As Boston learned with its Big Dig, the simplest and best solution was also the most expensive and nerve-wracking: get rid of the cars. Here too, the only way to do that was to swallow them underground, not an easy job in a spot where three major roads meet, and will have to share the underground space with metro, tram and bus stations. On top, we’ll see a huge new park—the size of eight soccer pitches. How such a large open space gets landscaped, with all that infrastructure underneath, is a problem they’re facing now, and how it can be integrated into a dense city neighborhood without seeming a void remains to be seen.
Right now, though, the stars are aligning for the new Glòries. Jean Nouvel’s sparkling, LED-lit, 466-ft pickle, the Torre Agbar, was built here in anticipation of the Gloriès plan. Already it is a favorite with the Barcelonans; they’ve started spontaneously gathering here to mark the New Year. A prominent local architect, Oriel Bohigas, is building an intriguing Museum of Design (DHUB) in the park, while the old industrial area to the south is being transformed into ‘22@’ (say it ‘vint-i-dos-arroba’), the city’s growing IT and arts district. A major shopping center is in place, and plenty of other private investment is lined up waiting for this pesky depression to go away.
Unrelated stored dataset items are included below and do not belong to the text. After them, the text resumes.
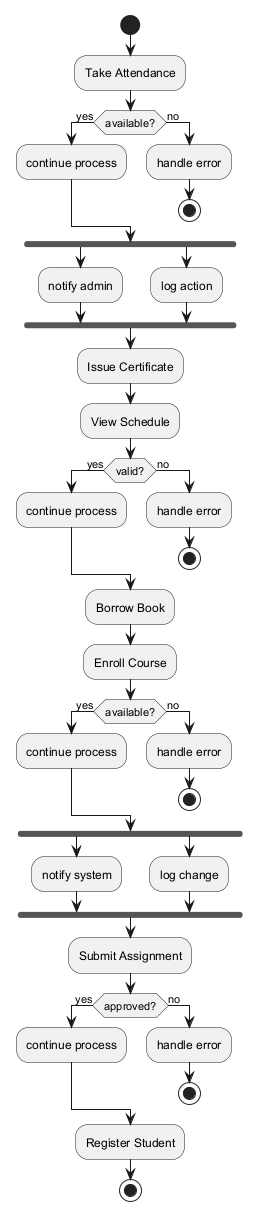

The diagram above was rendered by PlantUML. Its source (embedded in the PNG):
@startuml
skinparam backgroundColor #FFFFFF
skinparam classBackgroundColor #E8F4FA
skinparam classBorderColor #2C7DA0
start
:Take Attendance;
if (available?) then (yes)
:continue process;
else (no)
:handle error;
stop
endif
fork
:notify admin;
fork again
:log action;
end fork
:Issue Certificate;
:View Schedule;
if (valid?) then (yes)
:continue process;
else (no)
:handle error;
stop
endif
:Borrow Book;
:Enroll Course;
if (available?) then (yes)
:continue process;
else (no)
:handle error;
stop
endif
fork
:notify system;
fork again
:log change;
end fork
:Submit Assignment;
if (approved?) then (yes)
:continue process;
else (no)
:handle error;
stop
endif
:Register Student;
stop
@enduml
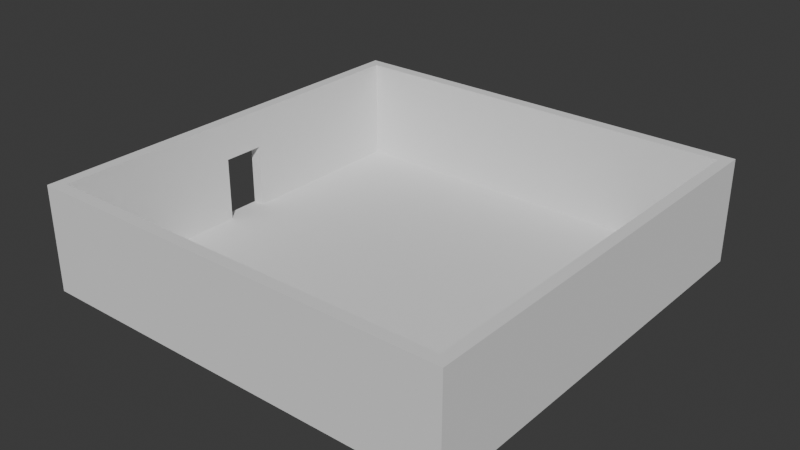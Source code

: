 # Source: big_room.blend  (saved by Blender 5.1.30; exported with 4.5.12 LTS)
import bpy
from mathutils import Matrix  # noqa: F401  (used for matrix-valued properties, if any)

bpy.ops.wm.read_factory_settings(use_empty=True)
scene = bpy.context.scene
scene.name = 'Scene'

# ---- collections
col_collection = bpy.data.collections.new('Collection'); scene.collection.children.link(col_collection)

# ---- world
world_world = bpy.data.worlds.new('World'); scene.world = world_world
world_world.use_nodes = True; world_world.node_tree.nodes.clear()
_N = world_world.node_tree.nodes; _L = world_world.node_tree.links
n0 = _N.new('ShaderNodeOutputWorld'); n0.name = 'World Output'; n0.location = (200, 100)
n1 = _N.new('ShaderNodeBackground'); n1.name = 'Background'; n1.location = (-200, 100)
n1.inputs[0].default_value = (0.05088, 0.05088, 0.05088, 1.0)
_L.new(n1.outputs[0], n0.inputs[0])
n0.is_active_output = True
world_world.color = (0.05088, 0.05088, 0.05088)
world_world.sun_shadow_jitter_overblur = 0.0

# ---- meshes
me_cube_002 = bpy.data.meshes.new('Cube.002')
me_cube_002.from_pydata([(-10.2, -10.2, 0.0), (-9.655, -9.655, 5.0), (-10.2, 10.2, 0.0), (-9.655, 9.655, 5.0), (10.2, -10.2, 0.0), (9.655, -9.655, 5.0), (10.2, 10.2, 0.0), (9.655, 9.655, 5.0), (-10.2, -10.2, 5.0), (-10.2, 10.2, 5.0), (10.2, 10.2, 5.0), (10.2, -10.2, 5.0), (-9.655, -9.655, 0.09378), (-9.655, 9.655, 0.09378), (9.655, 9.655, 0.09378), (9.655, -9.655, 0.09378), (-10.2, -1.0, 3.155), (-10.2, 1.0, 3.155), (-10.2, -1.0, 0.09477), (-10.2, 1.0, 0.09477), (-9.655, -1.0, 3.155), (-9.655, 1.0, 3.155), (-9.655, -1.0, 0.09477), (-9.655, 1.0, 0.09477)], [], [(0, 8, 9, 2, 19, 17, 16, 18), (2, 0, 18, 19), (2, 9, 10, 6), (6, 10, 11, 4), (4, 11, 8, 0), (2, 6, 4, 0), (5, 7, 14, 15), (1, 3, 9, 8), (3, 7, 10, 9), (7, 5, 11, 10), (5, 1, 8, 11), (14, 13, 12, 15), (22, 12, 13, 23), (23, 13, 3, 1, 12, 22, 20, 21), (1, 5, 15, 12), (7, 3, 13, 14), (21, 17, 19, 23), (22, 18, 16, 20), (19, 18, 22, 23), (17, 21, 20, 16)])
_uv = me_cube_002.uv_layers.new(name='UVMap')
_uv.uv.foreach_set('vector', [0.375, 0.0, 0.625, 0.0, 0.625, 0.25, 0.375, 0.25, 0.3797, 0.1373, 0.5327, 0.1373, 0.5327, 0.1127, 0.3797, 0.1127, 0.375, 0.25, 0.375, 0.0, 0.3797, 0.1127, 0.3797, 0.1373, 0.375, 0.25, 0.625, 0.25, 0.625, 0.5, 0.375, 0.5, 0.375, 0.5, 0.625, 0.5, 0.625, 0.75, 0.375, 0.75, 0.375, 0.75, 0.625, 0.75, 0.625, 1.0, 0.375, 1.0, 0.125, 0.5, 0.375, 0.5, 0.375, 0.75, 0.125, 0.75, 0.6317, 0.7433, 0.6317, 0.5067, 0.6317, 0.5067, 0.6317, 0.7433, 0.8683, 0.7433, 0.8683, 0.5067, 0.875, 0.5, 0.875, 0.75, 0.8683, 0.5067, 0.6317, 0.5067, 0.625, 0.5, 0.875, 0.5, 0.6317, 0.5067, 0.6317, 0.7433, 0.625, 0.75, 0.625, 0.5, 0.6317, 0.7433, 0.8683, 0.7433, 0.875, 0.75, 0.625, 0.75, 0.6317, 0.5067, 0.8683, 0.5067, 0.8683, 0.7433, 0.6317, 0.7433, 0.8683, 0.6373, 0.8683, 0.7433, 0.8683, 0.5067, 0.8683, 0.6127, 0.8683, 0.6127, 0.8683, 0.5067, 0.8683, 0.5067, 0.8683, 0.7433, 0.8683, 0.7433, 0.8683, 0.6373, 0.8683, 0.6373, 0.8683, 0.6127, 0.8683, 0.7433, 0.6317, 0.7433, 0.6317, 0.7433, 0.8683, 0.7433, 0.6317, 0.5067, 0.8683, 0.5067, 0.8683, 0.5067, 0.6317, 0.5067, 0.625, 0.4181, 0.625, 0.35, 0.375, 0.35, 0.375, 0.4181, 0.375, 0.8319, 0.375, 0.9, 0.625, 0.9, 0.625, 0.8319, 0.225, 0.5, 0.225, 0.75, 0.2931, 0.75, 0.2931, 0.5, 0.775, 0.5, 0.7069, 0.5, 0.7069, 0.75, 0.775, 0.75])
me_cube_002.materials.append(None)
me_cube_002.update()

# ---- objects
ob_cube = bpy.data.objects.new('Cube', me_cube_002)

# ---- transforms, parenting, visibility, modifiers, constraints
ob_cube.location = (0.0, 0.0, 0.0)

# ---- collection membership
col_collection.objects.link(ob_cube)

# ---- scene / render settings (as saved in the file)
scene.frame_start = 1; scene.frame_end = 250; scene.frame_set(1)
scene.render.engine = 'BLENDER_EEVEE_NEXT'
scene.render.bake_bias = 0.0
scene.render.bake_samples = 0
scene.cycles.sampling_pattern = 'TABULATED_SOBOL'
scene.eevee.use_volume_custom_range = False
bpy.context.view_layer.update()

# ---- added for rendering (the .blend has no active camera and no usable light): camera, sun
cam_auto = bpy.data.cameras.new('AutoCamera')
cam_auto.lens = 50.0
cam_auto.sensor_width = 36.0
cam_auto.clip_end = 1000.0
ob_auto_camera = bpy.data.objects.new('AutoCamera', cam_auto)
scene.collection.objects.link(ob_auto_camera)
ob_auto_camera.location = (27.0906, -32.5087, 24.1725)
ob_auto_camera.rotation_euler = (1.09748, -7.21219e-08, 0.694738)
scene.camera = ob_auto_camera
light_auto_sun = bpy.data.lights.new('AutoSun', 'SUN')
light_auto_sun.energy = 3.0
light_auto_sun.angle = 0.0523599
ob_auto_sun = bpy.data.objects.new('AutoSun', light_auto_sun)
scene.collection.objects.link(ob_auto_sun)
ob_auto_sun.rotation_euler = (0.872665, 0.174533, 0.523599)
bpy.context.view_layer.update()
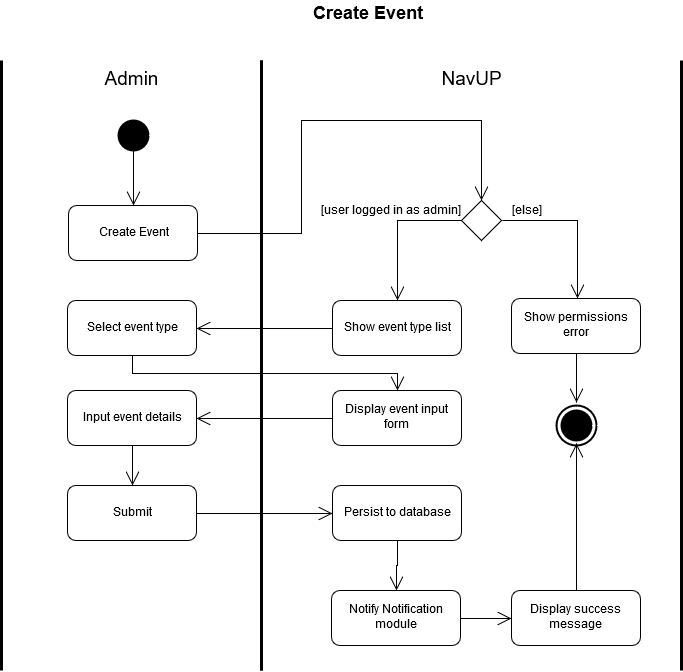

The diagram above was exported from draw.io. Its source (the exported page's mxGraphModel, read from the mxfile embedded in the PNG):
<mxGraphModel dx="1430" dy="766" grid="1" gridSize="10" guides="1" tooltips="1" connect="1" arrows="1" fold="1" page="1" pageScale="1" pageWidth="850" pageHeight="1100" background="#ffffff" math="0" shadow="0">
  <root>
    <mxCell id="0" />
    <mxCell id="1" parent="0" />
    <mxCell id="9" value="" style="shape=ellipse;html=1;illColor=#000000;strokeWidth=2;verticalLabelPosition=bottom;verticalAlignment=top;fillColor=#000000;fontSize=12;align=center;" parent="1" vertex="1">
      <mxGeometry x="247" y="130" width="30" height="30" as="geometry" />
    </mxCell>
    <mxCell id="10" value="&lt;font style=&quot;font-size: 19px&quot;&gt;Admin&lt;/font&gt;" style="html=1;shape=mxgraph.sysml.actPart;strokeWidth=3;verticalAlign=top;rotation=0;whiteSpace=wrap;fillColor=#000000;fontSize=12;align=center;" parent="1" vertex="1">
      <mxGeometry x="130" y="70" width="260" height="610" as="geometry" />
    </mxCell>
    <mxCell id="11" value="&lt;font style=&quot;font-size: 19px&quot;&gt;NavUP&lt;/font&gt;" style="html=1;shape=mxgraph.sysml.actPart;strokeWidth=3;verticalAlign=top;rotation=0;whiteSpace=wrap;fillColor=#000000;fontSize=12;align=center;" parent="1" vertex="1">
      <mxGeometry x="390" y="70" width="420" height="610" as="geometry" />
    </mxCell>
    <mxCell id="12" value="Create Event" style="shape=rect;html=1;rounded=1;whiteSpace=wrap;align=center;strokeColor=#000000;fillColor=#FFFFFF;fontSize=12;" parent="1" vertex="1">
      <mxGeometry x="197" y="215" width="129" height="55" as="geometry" />
    </mxCell>
    <mxCell id="14" value="Show event type list" style="shape=rect;html=1;rounded=1;whiteSpace=wrap;align=center;strokeColor=#000000;fillColor=#FFFFFF;fontSize=12;" parent="1" vertex="1">
      <mxGeometry x="461" y="310" width="129" height="55" as="geometry" />
    </mxCell>
    <mxCell id="15" value="Select event type" style="shape=rect;html=1;rounded=1;whiteSpace=wrap;align=center;strokeColor=#000000;fillColor=#FFFFFF;fontSize=12;" parent="1" vertex="1">
      <mxGeometry x="196" y="310" width="129" height="55" as="geometry" />
    </mxCell>
    <mxCell id="16" value="Display event input form" style="shape=rect;html=1;rounded=1;whiteSpace=wrap;align=center;strokeColor=#000000;fillColor=#FFFFFF;fontSize=12;" parent="1" vertex="1">
      <mxGeometry x="461" y="400" width="129" height="55" as="geometry" />
    </mxCell>
    <mxCell id="17" value="Input event details" style="shape=rect;html=1;rounded=1;whiteSpace=wrap;align=center;strokeColor=#000000;fillColor=#FFFFFF;fontSize=12;" parent="1" vertex="1">
      <mxGeometry x="196" y="400" width="129" height="55" as="geometry" />
    </mxCell>
    <mxCell id="18" value="Submit" style="shape=rect;html=1;rounded=1;whiteSpace=wrap;align=center;strokeColor=#000000;fillColor=#FFFFFF;fontSize=12;" parent="1" vertex="1">
      <mxGeometry x="196" y="495" width="129" height="55" as="geometry" />
    </mxCell>
    <mxCell id="19" value="" style="shape=rhombus;html=1;verticalLabelPosition=bottom;verticalAlignment=top;strokeColor=#000000;fillColor=#FFFFFF;fontSize=12;align=center;" parent="1" vertex="1">
      <mxGeometry x="590" y="210" width="40" height="40" as="geometry" />
    </mxCell>
    <mxCell id="20" value="" style="edgeStyle=orthogonalEdgeStyle;html=1;elbow=horizontal;align=right;verticalAlign=bottom;endArrow=none;rounded=0;labelBackgroundColor=none;startArrow=open;startSize=12;fontSize=12;entryX=1;entryY=0.5;exitX=0.5;exitY=0;" parent="1" source="19" target="12" edge="1">
      <mxGeometry relative="1" as="geometry">
        <mxPoint x="610" y="170" as="targetPoint" />
        <Array as="points">
          <mxPoint x="610" y="130" />
          <mxPoint x="430" y="130" />
          <mxPoint x="430" y="243" />
        </Array>
      </mxGeometry>
    </mxCell>
    <mxCell id="21" value="[else]" style="edgeStyle=orthogonalEdgeStyle;html=1;elbow=vertical;verticalAlign=bottom;endArrow=open;rounded=0;labelBackgroundColor=none;endSize=12;fontSize=12;entryX=0.5;entryY=0;" parent="1" edge="1">
      <mxGeometry x="-0.6721" relative="1" as="geometry">
        <mxPoint x="706" y="308" as="targetPoint" />
        <mxPoint x="631" y="230" as="sourcePoint" />
        <Array as="points">
          <mxPoint x="706" y="230" />
        </Array>
        <mxPoint as="offset" />
      </mxGeometry>
    </mxCell>
    <mxCell id="22" value="[user logged in as admin]" style="edgeStyle=orthogonalEdgeStyle;html=1;elbow=horizontal;verticalAlign=bottom;endArrow=open;rounded=0;labelBackgroundColor=none;endSize=12;fontSize=12;exitX=0;exitY=0.5;entryX=0.5;entryY=0;" parent="1" source="19" target="14" edge="1">
      <mxGeometry x="-0.1111" y="6" relative="1" as="geometry">
        <mxPoint x="510" y="230" as="targetPoint" />
        <mxPoint x="-12" as="offset" />
      </mxGeometry>
    </mxCell>
    <mxCell id="23" value="Show permissions error" style="shape=rect;html=1;rounded=1;whiteSpace=wrap;align=center;strokeColor=#000000;fillColor=#FFFFFF;fontSize=12;" parent="1" vertex="1">
      <mxGeometry x="640" y="308" width="129" height="55" as="geometry" />
    </mxCell>
    <mxCell id="24" value="" style="edgeStyle=orthogonalEdgeStyle;html=1;elbow=horizontal;verticalAlign=bottom;endArrow=open;rounded=0;labelBackgroundColor=none;endSize=12;fontSize=12;exitX=0;exitY=0.5;entryX=1;entryY=0.5;" parent="1" source="14" target="15" edge="1">
      <mxGeometry x="350" y="325" as="geometry">
        <mxPoint x="350" y="405" as="targetPoint" />
        <mxPoint x="414" y="325" as="sourcePoint" />
        <mxPoint x="-12" as="offset" />
        <Array as="points" />
      </mxGeometry>
    </mxCell>
    <mxCell id="26" value="" style="edgeStyle=orthogonalEdgeStyle;html=1;elbow=horizontal;verticalAlign=bottom;endArrow=open;rounded=0;labelBackgroundColor=none;endSize=12;fontSize=12;exitX=0.5;exitY=1;entryX=0.5;entryY=0;" parent="1" source="9" target="12" edge="1">
      <mxGeometry x="360" y="335" as="geometry">
        <mxPoint x="335" y="348" as="targetPoint" />
        <mxPoint x="471" y="348" as="sourcePoint" />
        <mxPoint x="-12" as="offset" />
      </mxGeometry>
    </mxCell>
    <mxCell id="27" value="" style="edgeStyle=orthogonalEdgeStyle;html=1;elbow=horizontal;verticalAlign=bottom;endArrow=open;rounded=0;labelBackgroundColor=none;endSize=12;fontSize=12;exitX=0.5;exitY=1;entryX=0.5;entryY=0;" parent="1" source="15" target="16" edge="1">
      <mxGeometry x="359" y="445" as="geometry">
        <mxPoint x="260" y="310" as="targetPoint" />
        <mxPoint x="260" y="270" as="sourcePoint" />
        <mxPoint x="-12" as="offset" />
        <Array as="points">
          <mxPoint x="261" y="383" />
          <mxPoint x="526" y="383" />
        </Array>
      </mxGeometry>
    </mxCell>
    <mxCell id="28" value="" style="edgeStyle=orthogonalEdgeStyle;html=1;elbow=horizontal;verticalAlign=bottom;endArrow=open;rounded=0;labelBackgroundColor=none;endSize=12;fontSize=12;exitX=0;exitY=0.5;entryX=1;entryY=0.5;" parent="1" source="16" target="17" edge="1">
      <mxGeometry x="380" y="355" as="geometry">
        <mxPoint x="281" y="235" as="targetPoint" />
        <mxPoint x="281" y="180" as="sourcePoint" />
        <mxPoint x="-12" as="offset" />
      </mxGeometry>
    </mxCell>
    <mxCell id="29" value="" style="edgeStyle=orthogonalEdgeStyle;html=1;elbow=horizontal;verticalAlign=bottom;endArrow=open;rounded=0;labelBackgroundColor=none;endSize=12;fontSize=12;exitX=0.5;exitY=1;" parent="1" source="17" target="18" edge="1">
      <mxGeometry x="390" y="365" as="geometry">
        <mxPoint x="291" y="245" as="targetPoint" />
        <mxPoint x="291" y="190" as="sourcePoint" />
        <mxPoint x="-12" as="offset" />
      </mxGeometry>
    </mxCell>
    <mxCell id="30" value="Persist to database" style="shape=rect;html=1;rounded=1;whiteSpace=wrap;align=center;strokeColor=#000000;fillColor=#FFFFFF;fontSize=12;" parent="1" vertex="1">
      <mxGeometry x="461" y="495" width="129" height="55" as="geometry" />
    </mxCell>
    <mxCell id="31" value="Display success message" style="shape=rect;html=1;rounded=1;whiteSpace=wrap;align=center;strokeColor=#000000;fillColor=#FFFFFF;fontSize=12;" parent="1" vertex="1">
      <mxGeometry x="640" y="600" width="129" height="55" as="geometry" />
    </mxCell>
    <mxCell id="32" value="" style="html=1;shape=mxgraph.sysml.actFinal;strokeWidth=2;verticalLabelPosition=bottom;verticalAlignment=top;fillColor=#FFFFFF;fontSize=12;align=center;" parent="1" vertex="1">
      <mxGeometry x="685" y="415" width="40" height="40" as="geometry" />
    </mxCell>
    <mxCell id="33" value="" style="edgeStyle=orthogonalEdgeStyle;html=1;elbow=horizontal;verticalAlign=bottom;endArrow=open;rounded=0;labelBackgroundColor=none;endSize=12;fontSize=12;exitX=0.5;exitY=1;entryX=0.5;entryY=0;" parent="1" source="30" target="39" edge="1">
      <mxGeometry x="400" y="375" as="geometry">
        <mxPoint x="526" y="590" as="targetPoint" />
        <mxPoint x="270.11764705882365" y="465.0588235294118" as="sourcePoint" />
        <mxPoint x="-12" as="offset" />
      </mxGeometry>
    </mxCell>
    <mxCell id="34" value="" style="edgeStyle=orthogonalEdgeStyle;html=1;elbow=horizontal;verticalAlign=bottom;endArrow=open;rounded=0;labelBackgroundColor=none;endSize=12;fontSize=12;exitX=1;exitY=0.5;entryX=0;entryY=0.5;" parent="1" source="18" target="30" edge="1">
      <mxGeometry x="410" y="385" as="geometry">
        <mxPoint x="280.11764705882365" y="515" as="targetPoint" />
        <mxPoint x="280.11764705882365" y="475.0588235294118" as="sourcePoint" />
        <mxPoint x="-12" as="offset" />
      </mxGeometry>
    </mxCell>
    <mxCell id="36" value="" style="edgeStyle=orthogonalEdgeStyle;html=1;elbow=horizontal;verticalAlign=bottom;endArrow=open;rounded=0;labelBackgroundColor=none;endSize=12;fontSize=12;exitX=0.5;exitY=1;entryX=0.496;entryY=-0.075;entryPerimeter=0;" parent="1" source="23" target="32" edge="1">
      <mxGeometry x="430" y="405" as="geometry">
        <mxPoint x="300.11764705882365" y="535" as="targetPoint" />
        <mxPoint x="300.11764705882365" y="495.0588235294118" as="sourcePoint" />
        <mxPoint x="-12" as="offset" />
      </mxGeometry>
    </mxCell>
    <mxCell id="37" value="" style="edgeStyle=orthogonalEdgeStyle;html=1;elbow=horizontal;verticalAlign=bottom;endArrow=open;rounded=0;labelBackgroundColor=none;endSize=12;fontSize=12;exitX=0.5;exitY=0;entryX=0.496;entryY=0.949;entryPerimeter=0;" parent="1" source="31" target="32" edge="1">
      <mxGeometry x="440" y="415" as="geometry">
        <mxPoint x="680" y="610" as="targetPoint" />
        <mxPoint x="310.11764705882365" y="505.0588235294118" as="sourcePoint" />
        <mxPoint x="-12" as="offset" />
      </mxGeometry>
    </mxCell>
    <mxCell id="38" value="&lt;font style=&quot;font-size: 19px&quot;&gt;&lt;b&gt;&lt;font style=&quot;font-size: 18px&quot;&gt;Create Event&lt;/font&gt;&lt;/b&gt;&lt;/font&gt;" style="text;html=1;resizable=0;points=[];autosize=1;align=left;verticalAlign=top;spacingTop=-4;fontSize=12;" parent="1" vertex="1">
      <mxGeometry x="440" y="10" width="130" height="20" as="geometry" />
    </mxCell>
    <mxCell id="39" value="Notify Notification module" style="shape=rect;html=1;rounded=1;whiteSpace=wrap;align=center;strokeColor=#000000;fillColor=#FFFFFF;fontSize=12;" parent="1" vertex="1">
      <mxGeometry x="460" y="600" width="129" height="55" as="geometry" />
    </mxCell>
    <mxCell id="40" value="" style="edgeStyle=orthogonalEdgeStyle;html=1;elbow=horizontal;verticalAlign=bottom;endArrow=open;rounded=0;labelBackgroundColor=none;endSize=12;fontSize=12;exitX=1;exitY=0.5;entryX=0;entryY=0.5;" parent="1" source="39" target="31" edge="1">
      <mxGeometry x="410" y="385" as="geometry">
        <mxPoint x="534.7586206896551" y="609.7586206896552" as="targetPoint" />
        <mxPoint x="535.4482758620691" y="560.1034482758621" as="sourcePoint" />
        <mxPoint x="-12" as="offset" />
      </mxGeometry>
    </mxCell>
  </root>
</mxGraphModel>

Barcelona, the urban compulsive exhibitionist, is at its best with things that are preposterously colossal, over the top, out of scale (and when they say a billion, pencil in three; development here works just like anywhere else). In the past, Barcelona has often found a way to make its follies pay off. Another part of the Cerdá plan, the Plaça de Catalunya, is one of the biggest squares in the world, but you never seem lost in a vacuum there. The odd shape and the edgy 20’s commercial buildings around it make it a visually unforgettable place, and it’s always full of people. Maybe, with a little help from some second man Barcelona will get lucky again.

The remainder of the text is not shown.